Der ehemalige NFL-Spieler und Schauspieler Bubba Smith ist in Los Angeles im Alter von 66 Jahren gestorben.





Als die Polizei nach einem Anruf gegen 13:00 Uhr in seinem Haus erschien, konnte Smith nur noch tot aufgefunden werden. Die genaue Todesursache ist noch unbekannt, es wird allerdings davon ausgegangen, dass er eines natürlichen Todes gestorben ist.

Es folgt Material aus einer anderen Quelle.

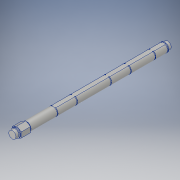
# Autodesk Inventor part: Column Axle
Saved by Autodesk Inventor 2019.4 (Build 234330000, 330)
## iProperties
Created: 2020-01-23
Part Number: Column Axle
Material: Aluminum 6061
Document SubType Name: Modeling
Designer: admin
Density: 2.7 g/cm^3
Appearance: Aluminum - Flat
Mass: 53.1021 g
Surface Area: 120.089 cm^2
Volume: 19.6675 cm^3
Author: admin
Autodesk Inventor part; units mm, degrees
ref_plane "YZ Plane" through (0, 0, 0) normal (1, 0, 0) x (0, 1, 0)
ref_plane "XZ Plane" through (0, 0, 0) normal (0, 1, 0) x (-1, 0, 0)
ref_plane "XY Plane" through (0, 0, 0) normal (0, 0, 1) x (1, 0, 0)
sketch "Sketch1" plane through (0, 0, 0) normal (1, 0, 0) x (0, 1, 0)
  line L0 (0, 0) -> (5, 0)
  line L1 (5, 0) -> (5, -4)
  line L2 (5, -4) -> (6.15, -4)
  line L3 (5.9, -4.9) -> (5.9, -6)
  line L4 (5.9, -6) -> (7.5, -6)
  line L5 (7.5, -6) -> (7.5, -18.649)
  line L6 (6, -55.9) -> (5.65, -55.9)
  line L7 (5.65, -55.9) -> (5.65, -57)
  line L8 (5.65, -57) -> (6, -57)
  line L9 (6, -57) -> (6, -83)
  line L10 (6, -83) -> (5.65, -83)
  line L11 (5.65, -83) -> (5.65, -84.1)
  line L12 (5.65, -84.1) -> (6, -84.1)
  line L13 (6, -84.1) -> (6, -129.9)
  line L14 (6, -129.9) -> (5.65, -129.9)
  line L15 (5.65, -129.9) -> (5.65, -131)
  line L16 (5.65, -131) -> (6, -131)
  line L17 (6, -131) -> (6, -157)
  line L18 (6, -157) -> (5.65, -157)
  line L19 (5.65, -157) -> (5.65, -158.1)
  line L20 (5.65, -158.1) -> (6, -158.1)
  line L21 (6, -158.1) -> (6, -190.9)
  line L22 (6, -190.9) -> (5.65, -190.9)
  line L23 (5.65, -190.9) -> (5.65, -192)
  line L24 (5.65, -192) -> (6, -192)
  line L25 (6, -192) -> (6, -208)
  line L26 (6, -208) -> (5.65, -208)
  line L27 (5.65, -208) -> (5.65, -209.1)
  line L28 (5.65, -209.1) -> (6, -209.1)
  line L29 (6, -209.1) -> (6, -210)
  line L30 (6, -210) -> (5, -210)
  line L31 (5, -210) -> (5, -214)
  line L32 (5, -214) -> (0, -214)
  line L33 (0, -214) -> (0, 0)
  line L34 (5.9, -4.9) -> (6.15, -4.9)
  line L35 (6.15, -4.9) -> (6.15, -4)
  line L36 (6, -55.9) -> (6, -19.749)
  line L37 (6, -19.749) -> (5.65, -19.749)
  line L38 (5.65, -19.749) -> (5.65, -18.649)
  line L39 (5.65, -18.649) -> (7.5, -18.649)
  dimension "d0" = 5
  dimension "d1" = 7.5
  dimension "d2" = 1.6
  dimension "d4" = 0.35
  dimension "d5" = 1.1
  dimension "d6" = 1.1
  dimension "d7" = 1.1
  dimension "d8" = 1.1
  dimension "d9" = 1.1
  dimension "d10" = 1.1
  dimension "d11" = 4
  dimension "d12" = 1.1
  dimension "d13" = 2
  dimension "d14" = 5
  dimension "d15" = 12.649
  dimension "d16" = 4
  dimension "d19" = 6
  dimension "d20" = 26
  dimension "d21" = 16
  dimension "d23" = 26
  dimension "d24" = 57
  dimension "d26" = 2
  dimension "d35" = 57
  dimension "d36" = 206
  dimension "d44" = 5.9
  dimension "d45" = 0.25
  dimension "d46" = 1.1
  constraints: 80 end point, 23 perpendicular, 20 point on line, 2 collinear, 2 horizontal, 2 vertical
  measures "d0" distance of L0.start L0.end
  measures "d1" distance between parallel lines of L33 L5
  measures "d2" distance of L3.end L4.end
  measures "d4" distance of L6.start L6.end
  measures "d5" distance of L6.end L7.end
  measures "d6" distance of L10.end L11.end
  measures "d7" distance of L14.end L15.end
  measures "d8" distance of L18.end L19.end
  measures "d9" distance of L22.end L23.end
  measures "d10" distance of L26.end L27.end
  measures "d11" distance of L0.end L1.end
  measures "d12" distance of L3.start L3.end
  measures "d13" distance between parallel lines of L2 L4
  measures "d14" distance between parallel lines of L33 L31
  measures "d15" distance of L4.end L5.end
  measures "d16" distance of L30.end L31.end
  measures "d19" distance between parallel lines of L33 L9
  measures "d20" distance of L8.end L9.end
  measures "d21" distance of L24.end L25.end
  measures "d23" distance of L16.end L17.end
  measures "d24" distance between parallel lines of L0 L8
  measures "d26" distance between parallel lines of L30 L26
  measures "d35" distance between parallel lines of L32 L18
  measures "d36" distance between parallel lines of L30 L2
  measures "d44" distance between parallel lines of L33 L3
  measures "d45" distance of L3.start L34.end
  measures "d46" distance of L37.end L38.end
revolve "Revolution1" add sketch "Sketch1" angle 360 about axis through (0, 0, -214) along (0, 0, 1)
sketch "Sketch3" plane through (0, 0, -18.649) normal (0, 0, -1) x (-1, 0, 0)
  line L0 (0, 7.3323) -> (6.35, 3.6662)
  line L1 (6.35, 3.6662) -> (6.35, -3.6662)
  line L2 (6.35, -3.6662) -> (0, -7.3323)
  line L3 (0, -7.3323) -> (-6.35, -3.6662)
  line L4 (-6.35, -3.6662) -> (-6.35, 3.6662)
  line L5 (-6.35, 3.6662) -> (0, 7.3323)
  circle A0 centre (0, 0) radius 7.5 projected
  point P0 (0, 0)
  point P1 (0, 0)
  dimension "d37" = 12.7
  constraints: 12 end point, 1 coincident, 13 other
  measures "d37" distance between parallel lines of L1 L4
extrude "Extrusion1" cut sketch "Sketch3" against normal up to surface (12.649 mm away)
sketch "Sketch4" plane through (0, 0, -55.9) normal (0, 0, 1) x (1, 0, 0)
  circle A0 centre (0, 0) radius 5.65 construction
  circle A1 centre (0, 0) radius 6 projected
  line L0 (-2.9047, 5.25) -> (2.9047, 5.25)
  point P0 (0, 0)
  dimension "d42" = 5.25
  constraints: 2 end point, 2 point on circle, 1 horizontal
  measures "d42" distance from line of A0.centre L0
extrude "Extrusion2" cut sketch "Sketch4" against normal up to surface (153.2 mm away) contours L0 A1 picked at (-0.2018, 5.4898)
body "Solid1"
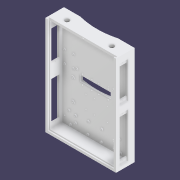
# Autodesk Inventor part: BP001b
Saved by Autodesk Inventor 2017 SP1 (Build 210196100, 196)
## iProperties
Created: 2017-12-18
Part Number: BP001b
Material: ABS Plastic
Document SubType Name: Modeling
Designer: Zach
Density: 1.06 g/cm^3
Appearance: CR White
Author: Zach
Autodesk Inventor part; units mm, degrees
ref_plane "YZ Plane" through (0, 0, 0) normal (1, 0, 0) x (0, 1, 0)
ref_plane "XZ Plane" through (0, 0, 0) normal (0, 1, 0) x (-1, 0, 0)
ref_plane "XY Plane" through (0, 0, 0) normal (0, 0, 1) x (1, 0, 0)
sketch "Sketch1" plane through (0, 0, 0) normal (0, 0, 1) x (1, 0, 0)
  line L0 (0, 0) -> (130, 0)
  line L1 (130, 0) -> (130, 25)
  line L2 (130, 25) -> (0, 25)
  line L3 (0, 25) -> (0, 0)
  line L4 (10.3559, 32.5) -> (50.3559, 32.5) construction
  line L5 (50.3559, 32.5) -> (50.3559, -7.5) construction
  line L6 (50.3559, -7.5) -> (10.3559, -7.5) construction
  line L7 (10.3559, -7.5) -> (10.3559, 32.5) construction
  line L8 (79.6441, 32.5) -> (119.6441, 32.5) construction
  line L9 (119.6441, 32.5) -> (119.6441, -7.5) construction
  line L10 (119.6441, -7.5) -> (79.6441, -7.5) construction
  line L11 (79.6441, -7.5) -> (79.6441, 32.5) construction
  line L12 (50.3559, 12.5) -> (79.6441, 12.5) construction
  circle A0 centre (10.3559, 32.5) radius 2.5
  circle A1 centre (50.3559, 32.5) radius 2.5
  circle A2 centre (50.3559, -7.5) radius 2.5
  circle A3 centre (10.3559, -7.5) radius 2.5
  circle A4 centre (79.6441, -7.5) radius 2.5
  circle A5 centre (119.6441, -7.5) radius 2.5
  circle A6 centre (119.6441, 32.5) radius 2.5
  circle A7 centre (79.6441, 32.5) radius 2.5
  line L13 (-85, -197.5) -> (215, -197.5)
  line L14 (215, -197.5) -> (215, 222.5)
  line L15 (215, 222.5) -> (-85, 222.5)
  line L16 (-85, 222.5) -> (-85, -197.5)
  point P0 (130, 12.5)
  point P1 (65, 12.5)
  point P2 (65, 25)
  point P3 (215, 12.5)
  point P4 (65, 222.5)
  dimension "d0" = 130
  dimension "d1" = 25
  dimension "d2" = 40
  dimension "d3" = 40
  dimension "d4" = 40
  dimension "d5" = 40
  dimension "d6" = 29.2883
  dimension "d7" = 5
  dimension "d8" = 5
  dimension "d9" = 5
  dimension "d10" = 5
  dimension "d11" = 5
  dimension "d12" = 5
  dimension "d13" = 5
  dimension "d14" = 5
  dimension "d15" = 300
  dimension "d16" = 420
  constraints: 34 end point, 8 centre point, 8 coincident, 8 parallel, 7 midpoint, 4 horizontal, 4 perpendicular, 2 horizontal alignment, 2 vertical alignment, 1 point on line
  measures "d0" distance of L2.end L1.end
  measures "d1" distance of L1.end L0.end
  measures "d2" distance of L5.end L6.end
  measures "d3" distance of L4.end L5.end
  measures "d4" distance of L9.end L10.end
  measures "d5" distance of L8.end L9.end
  measures "d6" distance between parallel lines of L11 L5
  measures "d7" diameter of A0
  measures "d8" diameter of A1
  measures "d9" diameter of A2
  measures "d10" diameter of A3
  measures "d11" diameter of A4
  measures "d12" diameter of A5
  measures "d13" diameter of A6
  measures "d14" diameter of A7
  measures "d15" distance of L15.end L14.end
  measures "d16" distance of L14.end L13.end
extrude "Extrusion1" add sketch "Sketch1" along normal blind 17
sketch "Sketch2" plane through (0, 0, 17) normal (0, 0, 1) x (1, 0, 0)
  line L0 (-85, 222.5) -> (-85, -197.5) projected
  line L1 (215, 222.5) -> (-85, 222.5) projected
  line L2 (215, -197.5) -> (215, 222.5) projected
  line L3 (-85, -197.5) -> (215, -197.5) projected
  line L4 (-75, -187.5) -> (-75, 212.5)
  line L5 (-75, 212.5) -> (205, 212.5)
  line L6 (205, 212.5) -> (205, -187.5)
  line L7 (205, -187.5) -> (-75, -187.5)
  point P0 (0, 0)
  dimension "d19" = 10
  constraints: 8 end point, 3 other
  measures "d19" distance between parallel lines of L0 L4
extrude "Extrusion2" add sketch "Sketch2" along normal blind 52
sketch "Sketch3" plane through (-85, 222.5, 0) normal (0, 1, 0) x (1, 0, 0)
  line L0 (0, 0) -> (300, 0) construction
  line L1 (70, 0) -> (230, 0)
  arc A0 (70, 0) -> (230, 0) centre (150, 304.672) ccw
  point P0 (85, 0)
  point P1 (150, 0)
  dimension "d23" = 160
  dimension "d24" = 315
  constraints: 2 end point, 2 midpoint, 2 point on circle, 2 point on line, 1 centre point
  measures "d23" distance of L1.start L1.end
  measures "d24" radius of A0
extrude "Extrusion3" cut sketch "Sketch3" against normal through all
sketch "Sketch5" plane through (0, 0, 17) normal (0, 0, 1) x (1, 0, 0)
  line L0 (-12.46, 197.48) -> (142.46, 197.48) construction
  line L1 (142.46, 197.48) -> (142.46, 40) construction
  line L2 (142.46, 40) -> (-12.46, 40) construction
  line L3 (-12.46, 40) -> (-12.46, 197.48) construction
  line L4 (0, 25) -> (130, 25) construction
  line L5 (-75, 212.5) -> (205, 212.5) construction
  circle A0 centre (142.46, 197.48) radius 1.5
  circle A1 centre (142.46, 40) radius 1.5
  circle A2 centre (-12.46, 40) radius 1.5
  circle A3 centre (-12.46, 197.48) radius 1.5
  circle A4 centre (25.3559, -90.75) radius 1.5
  circle A5 centre (25.3559, -34.25) radius 1.5
  line L6 (130, 0) -> (0, 0) construction
  line L7 (65, 0) -> (65, -187.5) construction
  line L8 (-75, -187.5) -> (205, -187.5) projected
  line L9 (-75, -187.5) -> (-75, 212.5) projected
  line L10 (205, 212.5) -> (205, -187.5) projected
  line L11 (160, -90) -> (160, 0) construction
  circle A6 centre (160, 0) radius 1.5
  circle A7 centre (160, -90) radius 1.5
  line L12 (-30, 0) -> (-30, -90) construction
  circle A8 centre (-30, 0) radius 1.5
  circle A9 centre (-30, -90) radius 1.5
  circle A10 centre (119.62, 40) radius 1.5
  line L13 (60.3559, -92.5) -> (116.8559, -92.5) construction
  circle A11 centre (116.8559, -92.5) radius 1.5
  circle A12 centre (60.3559, -92.5) radius 1.5
  line L14 (60.3559, -32.5) -> (116.8559, -32.5) construction
  circle A13 centre (116.8559, -32.5) radius 1.5
  circle A14 centre (60.3559, -32.5) radius 1.5
  circle A15 centre (50.3559, -7.5) radius 2.5 construction
  line L15 (25.3559, -34.25) -> (25.3559, -90.75) construction
  line L16 (88.6059, -92.5) -> (88.6059, -32.5) construction
  point P0 (65, 40)
  point P1 (65, -93.75)
  point P2 (65, -80)
  point P3 (88.6059, -62.5)
  point P4 (25.3559, -62.5)
  dimension "d27" = 154.92
  dimension "d28" = 157.48
  dimension "d29" = 3
  dimension "d30" = 3
  dimension "d31" = 3
  dimension "d32" = 3
  dimension "d34" = 3
  dimension "d35" = 3
  dimension "d112" = 45
  dimension "d115" = 3
  dimension "d116" = 3
  dimension "d117" = 45
  dimension "d118" = 3
  dimension "d119" = 3
  dimension "d129" = 90
  dimension "d131" = 0
  dimension "d239" = 3
  dimension "d240" = 22.84
  dimension "d241" = 15
  dimension "d260" = 56.5
  dimension "d261" = 3
  dimension "d262" = 3
  dimension "d263" = 56.5
  dimension "d264" = 3
  dimension "d265" = 3
  dimension "d266" = 10
  dimension "d267" = 25
  dimension "d268" = 60
  dimension "d269" = 56.5
  dimension "d270" = 35
  constraints: 22 end point, 15 centre point, 12 coincident, 11 midpoint, 4 vertical alignment, 3 horizontal, 3 horizontal alignment, 3 vertical, 2 parallel, 1 perpendicular, 1 point on line
  measures "d27" distance of L1.end L2.end
  measures "d28" distance of L0.end L1.end
  measures "d29" diameter of A0
  measures "d30" diameter of A1
  measures "d31" diameter of A2
  measures "d32" diameter of A3
  measures "d34" diameter of A4
  measures "d35" diameter of A5
  measures "d112" distance between parallel lines of L10 L11
  measures "d115" diameter of A6
  measures "d116" diameter of A7
  measures "d117" distance between parallel lines of L9 L12
  measures "d118" diameter of A8
  measures "d119" diameter of A9
  measures "d129" distance of A6.centre L11.start
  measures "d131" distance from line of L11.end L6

Smith begann 1967 seine Karriere als Verteidiger bei den Baltimore Colts. Insgesamt spielte er neun Jahre in der NFL. In Deutschland wurde er vor allem in seiner Rolle des Polizisten "Moses Hightower" in der "Police Academy"-Reihe bekannt.


----------



## Q (4 Aug. 2011)

R.i.p. ...


----------



## Franky70 (4 Aug. 2011)

"Police Academy", da werden bei mir Erinnerungen an die 80`er wach.
RIP, langer Mann.


----------



## JayP (6 Aug. 2011)

Echt schade!

Aber jetzt sind wenigstens Hightower und Tackleberry wieder zusammen


----------



## punkerali (6 Aug. 2011)

sterben muss jeder mal
R.I.P


----------



## Franky70 (7 Aug. 2011)

punkerali schrieb:


> sterben muss jeder mal
> R.I.P


Echt jetzt???! 
Und ich dachte, es sterben immer nur die Anderen (so war es bisher ja auch)...


----------